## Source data
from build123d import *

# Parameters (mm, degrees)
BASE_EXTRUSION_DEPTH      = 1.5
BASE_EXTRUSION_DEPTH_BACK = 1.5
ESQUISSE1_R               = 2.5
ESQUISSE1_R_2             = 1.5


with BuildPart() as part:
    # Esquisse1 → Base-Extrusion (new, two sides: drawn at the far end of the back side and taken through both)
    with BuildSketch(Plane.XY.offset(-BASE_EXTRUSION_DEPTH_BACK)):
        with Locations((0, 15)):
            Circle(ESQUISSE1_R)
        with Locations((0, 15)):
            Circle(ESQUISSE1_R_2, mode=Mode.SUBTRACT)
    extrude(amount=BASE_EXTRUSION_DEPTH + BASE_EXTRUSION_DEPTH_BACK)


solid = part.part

## WHAT TO WORK ON
Write out, without alteration, the line that contains "# Parameters (mm, degrees)" and all subsequent lines down to the end of the data above.

## SOLVED EXERCISE
# Parameters (mm, degrees)
BASE_EXTRUSION_DEPTH      = 1.5
BASE_EXTRUSION_DEPTH_BACK = 1.5
ESQUISSE1_R               = 2.5
ESQUISSE1_R_2             = 1.5


with BuildPart() as part:
    # Esquisse1 → Base-Extrusion (new, two sides: drawn at the far end of the back side and taken through both)
    with BuildSketch(Plane.XY.offset(-BASE_EXTRUSION_DEPTH_BACK)):
        with Locations((0, 15)):
            Circle(ESQUISSE1_R)
        with Locations((0, 15)):
            Circle(ESQUISSE1_R_2, mode=Mode.SUBTRACT)
    extrude(amount=BASE_EXTRUSION_DEPTH + BASE_EXTRUSION_DEPTH_BACK)


solid = part.part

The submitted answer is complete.